The market cap of the top 100 ICOs is over $61B and an overripe target for SEC enforcement. ICOs are just hitting the $5B volume mark in capital raised, are entirely unregulated, and surpass early stage VC funds raised. Even more troubling, the top ten investment fund ICOs have raised $371.1M, and at least four have tokens trading at roughly half of what they raised on literally months ago — those kinds of losses are the sort that draw lawsuits and attract the attention of the SEC.
The question really isn’t if, but when we’ll see the Michael Milken of ICOs. Milken was indicted for a series of violations that might look familiar — failure to disclose commission schemes, tax evasion, and insider trading. He was sentenced to ten years in jail despite working regularly, by many accounts, with compliance staff at Drexel Burnham Lambert. Many believe he was a victim of the SEC wanting to make a point to an overheated market.
ICO Compliance In The Future
Eventually it seems possible the market may be constrained to an era where ICOs are traded on registered exchanges exclusive to accredited investors. CoinList-like exchanges for Know Your Customer (KYC) compliance are well-placed for this.
For those hoping that consumers will someday directly access these equity returns, the SEC’s core mandate of controlling information to the benefit of retail investors will likely make that project impossible. Startups would have to become markedly more sophisticated about releasing information, board members would have their hands tied in communication, and cost for compliance would be prohibitive without substantial modification of SEC regulations.
Once the market calms down and the SEC begins approving them, ETFs will likely be able to act as an ICO vehicle for the public (as they currently do with venture). Overall this doesn’t really strike me as revolutionary so much as incremental.
The most interesting change is the potential reduction of barriers for long-term private investment to gain liquidity after shorter holding periods, or potentially to become underwriting capital altogether.
ICOs could allow angel investors to get liquidity within reasonable timelines (rather than 10–12 years), enabling larger bets and for a wider range of entities to access early stage equity returns directly without complex, lengthy, expensive transactions. A more robust market could help address the challenges of capital-intensive startups, as we’ve seen with some ICO megaraises, allowing for more innovative companies.

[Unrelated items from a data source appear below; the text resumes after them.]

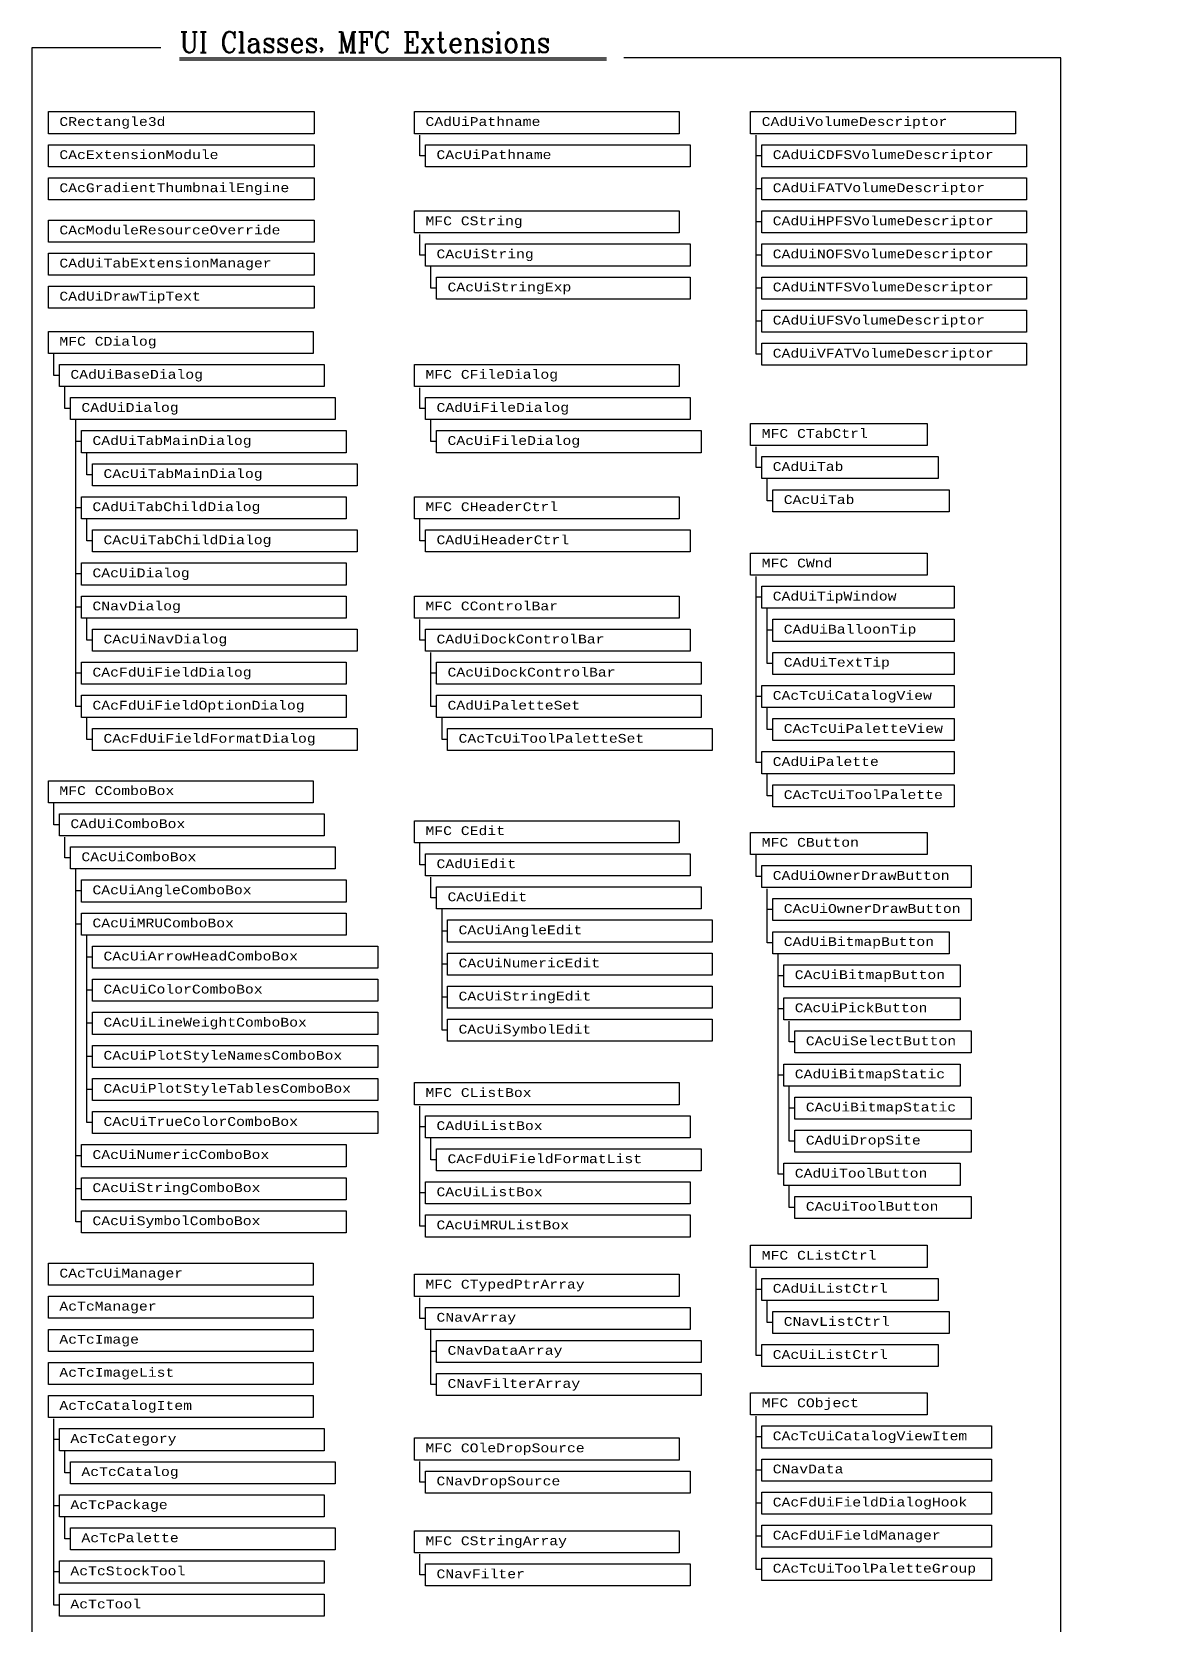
# Model space of a CAD drawing. Extents: x -49 to 153, y -248 to 71.
# Drawn here: x 101.6 to 152.7, y -3.7 to 68.5 of the extents above; entities that cross this region are included whole.
import ezdxf

# ---------------------------------------------------------------- set-up
doc = ezdxf.new("R2010")
doc.units = 0
doc.header["$MEASUREMENT"] = 0
doc.layers.get('0').update_dxf_attribs({"linetype": 'CONTINUOUS'})
doc.styles.add('ROMANC', font='romanc.shx', dxfattribs={"width": 0.9})
doc.styles.get("Standard").update_dxf_attribs({"font": 'TIMES.TTF'})

msp = doc.modelspace()

# ---------------------------------------------------------------- linework, layer by layer
for p, q in [((108.262, 67.326), (127.613, 67.326)), ((108.262, 67.232), (127.613, 67.232)), ((119.158, 62.885), (119.158, 63.822)), ((134.401, 62.885), (134.401, 63.822)), ((119.408, 62.885), (119.158, 62.885)), ((134.651, 62.885), (134.401, 62.885)), ((134.401, 61.385), (134.401, 62.885)), ((134.651, 61.385), (134.401, 61.385)), ((134.401, 59.885), (134.401, 61.385)), ((119.158, 58.385), (119.158, 59.322)), ((134.651, 59.885), (134.401, 59.885)), ((134.401, 58.385), (134.401, 59.885)), ((119.408, 58.385), (119.158, 58.385)), ((119.658, 56.885), (119.658, 57.885)), ((134.651, 58.385), (134.401, 58.385)), ((134.401, 56.885), (134.401, 58.385)), ((119.908, 56.885), (119.658, 56.885)), ((134.651, 56.885), (134.401, 56.885)), ((134.401, 55.385), (134.401, 56.885)), ((134.651, 55.385), (134.401, 55.385)), ((134.401, 53.885), (134.401, 55.385)), ((102.56, 52.925), (102.56, 53.925)), ((134.651, 53.885), (134.401, 53.885)), ((102.81, 52.925), (102.56, 52.925)), ((103.06, 51.425), (103.06, 52.425)), ((119.158, 51.425), (119.158, 52.363)), ((103.31, 51.425), (103.06, 51.425)), ((119.408, 51.425), (119.158, 51.425)), ((103.56, 37.925), (103.56, 50.925)), ((103.56, 49.925), (103.56, 50.863)), ((119.658, 49.925), (119.658, 50.925)), ((103.81, 49.925), (103.56, 49.925)), ((119.908, 49.925), (119.658, 49.925)), ((104.06, 48.425), (104.06, 49.425)), ((134.401, 48.747), (134.401, 49.684)), ((104.31, 48.425), (104.06, 48.425)), ((134.651, 48.747), (134.401, 48.747)), ((134.901, 47.247), (134.901, 48.247)), ((103.81, 46.925), (103.56, 46.925)), ((135.151, 47.247), (134.901, 47.247)), ((104.06, 45.425), (104.06, 46.425)), ((119.158, 45.425), (119.158, 46.425)), ((104.31, 45.425), (104.06, 45.425)), ((119.408, 45.425), (119.158, 45.425)), ((103.81, 43.925), (103.56, 43.925)), ((134.401, 35.372), (134.401, 43.809)), ((134.651, 42.872), (134.401, 42.872)), ((103.81, 42.425), (103.56, 42.425)), ((104.06, 40.925), (104.06, 41.925)), ((134.901, 39.872), (134.901, 42.372)), ((119.158, 40.925), (119.158, 41.863)), ((135.151, 41.372), (134.901, 41.372)), ((104.31, 40.925), (104.06, 40.925)), ((119.408, 40.925), (119.158, 40.925)), ((119.658, 37.925), (119.658, 40.363)), ((135.151, 39.872), (134.901, 39.872)), ((103.81, 39.425), (103.56, 39.425)), ((119.908, 39.425), (119.658, 39.425)), ((134.651, 38.372), (134.401, 38.372)), ((103.81, 37.925), (103.56, 37.925)), ((119.908, 37.925), (119.658, 37.925)), ((134.901, 36.872), (134.901, 37.872)), ((104.06, 36.425), (104.06, 37.425)), ((120.158, 36.425), (120.158, 37.425)), ((135.151, 36.872), (134.901, 36.872)), ((104.31, 36.425), (104.06, 36.425)), ((120.408, 36.425), (120.158, 36.425)), ((134.651, 35.372), (134.401, 35.372)), ((134.901, 33.872), (134.901, 34.872)), ((102.56, 32.555), (102.56, 33.555)), ((135.151, 33.872), (134.901, 33.872)), ((102.81, 32.555), (102.56, 32.555)), ((103.06, 31.055), (103.06, 31.992)), ((103.31, 31.055), (103.06, 31.055)), ((119.158, 30.74), (119.158, 31.74)), ((134.401, 30.21), (134.401, 31.21)), ((103.56, 14.555), (103.56, 30.555)), ((119.408, 30.74), (119.158, 30.74)), ((119.658, 29.24), (119.658, 30.178)), ((134.651, 30.21), (134.401, 30.21)), ((134.901, 27.21), (134.901, 29.648)), ((103.81, 29.555), (103.56, 29.555)), ((119.908, 29.24), (119.658, 29.24)), ((120.158, 23.24), (120.158, 28.74)), ((135.151, 28.71), (134.901, 28.71)), ((103.81, 28.055), (103.56, 28.055)), ((104.06, 19.055), (104.06, 27.555)), ((120.408, 27.74), (120.158, 27.74)), ((135.151, 27.21), (134.901, 27.21)), ((135.401, 16.71), (135.401, 26.71)), ((104.31, 26.555), (104.06, 26.555)), ((120.408, 26.24), (120.158, 26.24)), ((135.651, 25.71), (135.401, 25.71)), ((104.31, 25.055), (104.06, 25.055)), ((120.408, 24.74), (120.158, 24.74)), ((135.651, 24.21), (135.401, 24.21)), ((104.31, 23.555), (104.06, 23.555)), ((120.408, 23.24), (120.158, 23.24)), ((135.901, 22.71), (135.901, 23.648)), ((136.151, 22.71), (135.901, 22.71)), ((104.31, 22.055), (104.06, 22.055)), ((135.651, 21.21), (135.401, 21.21)), ((104.31, 20.555), (104.06, 20.555)), ((135.901, 18.21), (135.901, 20.71)), ((119.158, 14.366), (119.158, 19.804)), ((136.151, 19.71), (135.901, 19.71)), ((104.31, 19.055), (104.06, 19.055)), ((119.408, 18.866), (119.158, 18.866)), ((119.658, 17.366), (119.658, 18.366)), ((136.151, 18.21), (135.901, 18.21)), ((103.81, 17.555), (103.56, 17.555)), ((119.908, 17.366), (119.658, 17.366)), ((135.651, 16.71), (135.401, 16.71)), ((103.81, 16.055), (103.56, 16.055)), ((135.901, 15.21), (135.901, 16.21)), ((119.408, 15.866), (119.158, 15.866)), ((136.151, 15.21), (135.901, 15.21)), ((103.81, 14.555), (103.56, 14.555)), ((119.408, 14.366), (119.158, 14.366)), ((134.401, 11.491), (134.401, 12.429)), ((119.158, 10.178), (119.158, 11.116)), ((134.651, 11.491), (134.401, 11.491)), ((134.401, 8.491), (134.401, 11.491)), ((134.901, 9.991), (134.901, 10.991)), ((119.408, 10.178), (119.158, 10.178)), ((119.658, 7.178), (119.658, 9.678)), ((135.151, 9.991), (134.901, 9.991)), ((119.908, 8.678), (119.658, 8.678)), ((134.651, 8.491), (134.401, 8.491)), ((119.908, 7.178), (119.658, 7.178)), ((102.56, 4.682), (102.56, 5.619)), ((134.401, -1.198), (134.401, 5.74)), ((102.56, -2.818), (102.56, 4.682)), ((102.81, 4.682), (102.56, 4.682)), ((134.651, 4.802), (134.401, 4.802)), ((103.06, 3.182), (103.06, 4.182)), ((119.158, 2.758), (119.158, 3.695)), ((103.31, 3.182), (103.06, 3.182)), ((134.651, 3.302), (134.401, 3.302)), ((119.408, 2.758), (119.158, 2.758)), ((102.81, 1.682), (102.56, 1.682)), ((134.651, 1.802), (134.401, 1.802)), ((103.06, 0.182), (103.06, 1.182)), ((103.31, 0.182), (103.06, 0.182)), ((134.651, 0.302), (134.401, 0.302)), ((119.158, -1.453), (119.158, -0.515)), ((102.81, -1.318), (102.56, -1.318)), ((134.651, -1.198), (134.401, -1.198)), ((119.408, -1.453), (119.158, -1.453)), ((102.81, -2.818), (102.56, -2.818))]:
    msp.add_line(p, q)
at = {"color": 3}
msp.add_lwpolyline([(107.408, 67.781), (101.562, 67.781), (101.562, -4.5), (148.21, -4.5), (148.21, 67.331), (128.396, 67.331)], dxfattribs=at)
for points in [[(102.31, 64.885), (114.365, 64.885), (114.365, 63.885), (102.31, 63.885)], [(118.908, 64.885), (130.908, 64.885), (130.908, 63.885), (118.908, 63.885)], [(134.151, 64.885), (146.151, 64.885), (146.151, 63.885), (134.151, 63.885)], [(102.31, 63.385), (114.365, 63.385), (114.365, 62.385), (102.31, 62.385)], [(119.408, 63.385), (131.408, 63.385), (131.408, 62.385), (119.408, 62.385)], [(134.651, 63.385), (146.651, 63.385), (146.651, 62.385), (134.651, 62.385)], [(102.31, 61.885), (114.365, 61.885), (114.365, 60.885), (102.31, 60.885)], [(134.651, 61.885), (146.651, 61.885), (146.651, 60.885), (134.651, 60.885)], [(102.31, 59.97), (114.365, 59.97), (114.365, 58.97), (102.31, 58.97)], [(118.908, 60.385), (130.908, 60.385), (130.908, 59.385), (118.908, 59.385)], [(134.651, 60.385), (146.651, 60.385), (146.651, 59.385), (134.651, 59.385)], [(119.408, 58.885), (131.408, 58.885), (131.408, 57.885), (119.408, 57.885)], [(134.651, 58.885), (146.651, 58.885), (146.651, 57.885), (134.651, 57.885)], [(102.31, 58.47), (114.365, 58.47), (114.365, 57.47), (102.31, 57.47)], [(119.908, 57.385), (131.408, 57.385), (131.408, 56.385), (119.908, 56.385)], [(134.651, 57.385), (146.651, 57.385), (146.651, 56.385), (134.651, 56.385)], [(102.31, 56.97), (114.365, 56.97), (114.365, 55.97), (102.31, 55.97)], [(134.651, 55.885), (146.651, 55.885), (146.651, 54.885), (134.651, 54.885)], [(102.31, 54.925), (114.31, 54.925), (114.31, 53.925), (102.31, 53.925)], [(134.651, 54.385), (146.651, 54.385), (146.651, 53.385), (134.651, 53.385)], [(102.81, 53.425), (114.81, 53.425), (114.81, 52.425), (102.81, 52.425)], [(118.908, 53.425), (130.908, 53.425), (130.908, 52.425), (118.908, 52.425)], [(103.31, 51.925), (115.31, 51.925), (115.31, 50.925), (103.31, 50.925)], [(119.408, 51.925), (131.408, 51.925), (131.408, 50.925), (119.408, 50.925)], [(134.151, 50.747), (142.151, 50.747), (142.151, 49.747), (134.151, 49.747)], [(103.81, 50.425), (115.81, 50.425), (115.81, 49.425), (103.81, 49.425)], [(119.908, 50.425), (131.908, 50.425), (131.908, 49.425), (119.908, 49.425)], [(134.651, 49.247), (142.651, 49.247), (142.651, 48.247), (134.651, 48.247)], [(104.31, 48.925), (116.31, 48.925), (116.31, 47.925), (104.31, 47.925)], [(135.151, 47.747), (143.151, 47.747), (143.151, 46.747), (135.151, 46.747)], [(103.81, 47.425), (115.81, 47.425), (115.81, 46.425), (103.81, 46.425)], [(118.908, 47.425), (130.908, 47.425), (130.908, 46.425), (118.908, 46.425)], [(104.31, 45.925), (116.31, 45.925), (116.31, 44.925), (104.31, 44.925)], [(119.408, 45.925), (131.408, 45.925), (131.408, 44.925), (119.408, 44.925)], [(134.151, 44.872), (142.151, 44.872), (142.151, 43.872), (134.151, 43.872)], [(103.81, 44.425), (115.81, 44.425), (115.81, 43.425), (103.81, 43.425)], [(134.651, 43.372), (143.378, 43.372), (143.378, 42.372), (134.651, 42.372)], [(103.81, 42.925), (115.81, 42.925), (115.81, 41.925), (103.81, 41.925)], [(118.908, 42.925), (130.908, 42.925), (130.908, 41.925), (118.908, 41.925)], [(135.151, 41.872), (143.378, 41.872), (143.378, 40.872), (135.151, 40.872)], [(104.31, 41.425), (116.31, 41.425), (116.31, 40.425), (104.31, 40.425)], [(119.408, 41.425), (131.408, 41.425), (131.408, 40.425), (119.408, 40.425)], [(103.81, 39.925), (115.81, 39.925), (115.81, 38.925), (103.81, 38.925)], [(119.908, 39.925), (131.908, 39.925), (131.908, 38.925), (119.908, 38.925)], [(135.151, 40.372), (143.378, 40.372), (143.378, 39.372), (135.151, 39.372)], [(103.81, 38.425), (115.81, 38.425), (115.81, 37.425), (103.81, 37.425)], [(119.908, 38.425), (131.908, 38.425), (131.908, 37.425), (119.908, 37.425)], [(134.651, 38.872), (143.378, 38.872), (143.378, 37.872), (134.651, 37.872)], [(104.31, 36.925), (116.31, 36.925), (116.31, 35.925), (104.31, 35.925)], [(120.408, 36.925), (132.408, 36.925), (132.408, 35.925), (120.408, 35.925)], [(135.151, 37.372), (143.378, 37.372), (143.378, 36.372), (135.151, 36.372)], [(134.651, 35.872), (143.378, 35.872), (143.378, 34.872), (134.651, 34.872)], [(102.31, 34.555), (114.31, 34.555), (114.31, 33.555), (102.31, 33.555)], [(135.151, 34.372), (143.378, 34.372), (143.378, 33.372), (135.151, 33.372)], [(102.81, 33.055), (114.81, 33.055), (114.81, 32.055), (102.81, 32.055)], [(118.908, 32.74), (130.908, 32.74), (130.908, 31.74), (118.908, 31.74)], [(134.151, 32.21), (142.151, 32.21), (142.151, 31.21), (134.151, 31.21)], [(103.31, 31.555), (115.31, 31.555), (115.31, 30.555), (103.31, 30.555)], [(119.408, 31.24), (131.408, 31.24), (131.408, 30.24), (119.408, 30.24)], [(134.651, 30.71), (144.151, 30.71), (144.151, 29.71), (134.651, 29.71)], [(103.81, 30.055), (115.81, 30.055), (115.81, 29.055), (103.81, 29.055)], [(119.908, 29.74), (131.908, 29.74), (131.908, 28.74), (119.908, 28.74)], [(135.151, 29.21), (144.151, 29.21), (144.151, 28.21), (135.151, 28.21)], [(103.81, 28.555), (115.81, 28.555), (115.81, 27.555), (103.81, 27.555)], [(120.408, 28.24), (132.408, 28.24), (132.408, 27.24), (120.408, 27.24)], [(135.151, 27.71), (143.151, 27.71), (143.151, 26.71), (135.151, 26.71)], [(104.31, 27.055), (117.251, 27.055), (117.251, 26.055), (104.31, 26.055)], [(120.408, 26.74), (132.408, 26.74), (132.408, 25.74), (120.408, 25.74)], [(135.651, 26.21), (143.651, 26.21), (143.651, 25.21), (135.651, 25.21)], [(104.31, 25.555), (117.251, 25.555), (117.251, 24.555), (104.31, 24.555)], [(120.408, 25.24), (132.408, 25.24), (132.408, 24.24), (120.408, 24.24)], [(135.651, 24.71), (143.651, 24.71), (143.651, 23.71), (135.651, 23.71)], [(104.31, 24.055), (117.251, 24.055), (117.251, 23.055), (104.31, 23.055)], [(120.408, 23.74), (132.408, 23.74), (132.408, 22.74), (120.408, 22.74)], [(136.151, 23.21), (144.151, 23.21), (144.151, 22.21), (136.151, 22.21)], [(104.31, 22.555), (117.251, 22.555), (117.251, 21.555), (104.31, 21.555)], [(135.651, 21.71), (143.651, 21.71), (143.651, 20.71), (135.651, 20.71)], [(104.31, 21.055), (117.251, 21.055), (117.251, 20.055), (104.31, 20.055)], [(118.908, 20.866), (130.908, 20.866), (130.908, 19.866), (118.908, 19.866)], [(104.31, 19.555), (117.251, 19.555), (117.251, 18.555), (104.31, 18.555)], [(136.151, 20.21), (144.151, 20.21), (144.151, 19.21), (136.151, 19.21)], [(119.408, 19.366), (131.408, 19.366), (131.408, 18.366), (119.408, 18.366)], [(103.81, 18.055), (115.81, 18.055), (115.81, 17.055), (103.81, 17.055)], [(136.151, 18.71), (144.151, 18.71), (144.151, 17.71), (136.151, 17.71)], [(119.908, 17.866), (131.908, 17.866), (131.908, 16.866), (119.908, 16.866)], [(135.651, 17.21), (143.651, 17.21), (143.651, 16.21), (135.651, 16.21)], [(103.81, 16.555), (115.81, 16.555), (115.81, 15.555), (103.81, 15.555)], [(119.408, 16.366), (131.408, 16.366), (131.408, 15.366), (119.408, 15.366)], [(136.151, 15.71), (144.151, 15.71), (144.151, 14.71), (136.151, 14.71)], [(103.81, 15.055), (115.81, 15.055), (115.81, 14.055), (103.81, 14.055)], [(119.408, 14.866), (131.408, 14.866), (131.408, 13.866), (119.408, 13.866)], [(134.151, 13.491), (142.151, 13.491), (142.151, 12.491), (134.151, 12.491)], [(102.31, 12.682), (114.31, 12.682), (114.31, 11.682), (102.31, 11.682)], [(118.908, 12.178), (130.908, 12.178), (130.908, 11.178), (118.908, 11.178)], [(134.651, 11.991), (142.651, 11.991), (142.651, 10.991), (134.651, 10.991)], [(102.31, 11.182), (114.31, 11.182), (114.31, 10.182), (102.31, 10.182)], [(119.408, 10.678), (131.408, 10.678), (131.408, 9.678), (119.408, 9.678)], [(135.151, 10.491), (143.151, 10.491), (143.151, 9.491), (135.151, 9.491)], [(102.31, 9.682), (114.31, 9.682), (114.31, 8.682), (102.31, 8.682)], [(119.908, 9.178), (131.908, 9.178), (131.908, 8.178), (119.908, 8.178)], [(134.651, 8.991), (142.651, 8.991), (142.651, 7.991), (134.651, 7.991)], [(102.31, 8.182), (114.31, 8.182), (114.31, 7.182), (102.31, 7.182)], [(119.908, 7.678), (131.908, 7.678), (131.908, 6.678), (119.908, 6.678)], [(102.31, 6.682), (114.31, 6.682), (114.31, 5.682), (102.31, 5.682)], [(134.151, 6.802), (142.151, 6.802), (142.151, 5.802), (134.151, 5.802)], [(102.81, 5.182), (114.81, 5.182), (114.81, 4.182), (102.81, 4.182)], [(134.651, 5.302), (145.064, 5.302), (145.064, 4.302), (134.651, 4.302)], [(118.908, 4.758), (130.908, 4.758), (130.908, 3.758), (118.908, 3.758)], [(103.31, 3.682), (115.31, 3.682), (115.31, 2.682), (103.31, 2.682)], [(134.651, 3.802), (145.064, 3.802), (145.064, 2.802), (134.651, 2.802)], [(119.408, 3.258), (131.408, 3.258), (131.408, 2.258), (119.408, 2.258)], [(102.81, 2.182), (114.81, 2.182), (114.81, 1.182), (102.81, 1.182)], [(134.651, 2.302), (145.064, 2.302), (145.064, 1.302), (134.651, 1.302)], [(134.651, 0.802), (145.064, 0.802), (145.064, -0.198), (134.651, -0.198)], [(103.31, 0.682), (115.31, 0.682), (115.31, -0.318), (103.31, -0.318)], [(118.908, 0.547), (130.908, 0.547), (130.908, -0.453), (118.908, -0.453)], [(134.651, -0.698), (145.064, -0.698), (145.064, -1.698), (134.651, -1.698)], [(102.81, -0.818), (114.81, -0.818), (114.81, -1.818), (102.81, -1.818)], [(119.408, -0.953), (131.408, -0.953), (131.408, -1.953), (119.408, -1.953)], [(102.81, -2.318), (114.81, -2.318), (114.81, -3.318), (102.81, -3.318)]]:
    msp.add_lwpolyline(points, close=True)

# ---------------------------------------------------------------- texts
at = {"style": 'ROMANC', "width": 0.9}
msp.add_text('UI Classes, MFC Extensions', height=0.94115, dxfattribs=at).set_placement((108.262, 67.561))
at = {"char_height": 0.4, "attachment_point": 1}
for s, insert in [('{\\fCourier New|b0|i0|c0|p49;CRectangle3d}', (102.81, 64.635)), ('{\\fCourier New|b0|i0|c0|p49;CAdUiPathname}', (119.408, 64.635)), ('{\\fCourier New|b0|i0|c0|p49;CAdUiVolumeDescriptor}', (134.651, 64.635)), ('{\\fCourier New|b0|i0|c0|p49;CAcExtensionModule}', (102.81, 63.135)), ('{\\fCourier New|b0|i0|c0|p49;CAcUiPathname}', (119.908, 63.135)), ('{\\fCourier New|b0|i0|c0|p49;CAdUiCDFSVolumeDescriptor}', (135.151, 63.135)), ('{\\fCourier New|b0|i0|c0|p49;CAcGradientThumbnailEngine}', (102.81, 61.635)), ('{\\fCourier New|b0|i0|c0|p49;CAdUiFATVolumeDescriptor}', (135.151, 61.635)), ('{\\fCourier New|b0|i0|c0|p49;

Certain venture firms might even become more similar to investment banks, performing underwriting functions for much earlier stage companies entering the token markets.
What seems likely, at least, is that ICO proponents are going to have to limit themselves to innovating within the pool of accredited investors. Once the SEC files its first insider trading suit against a venture firm, the willingness of large investors to finance securities risk will dry up.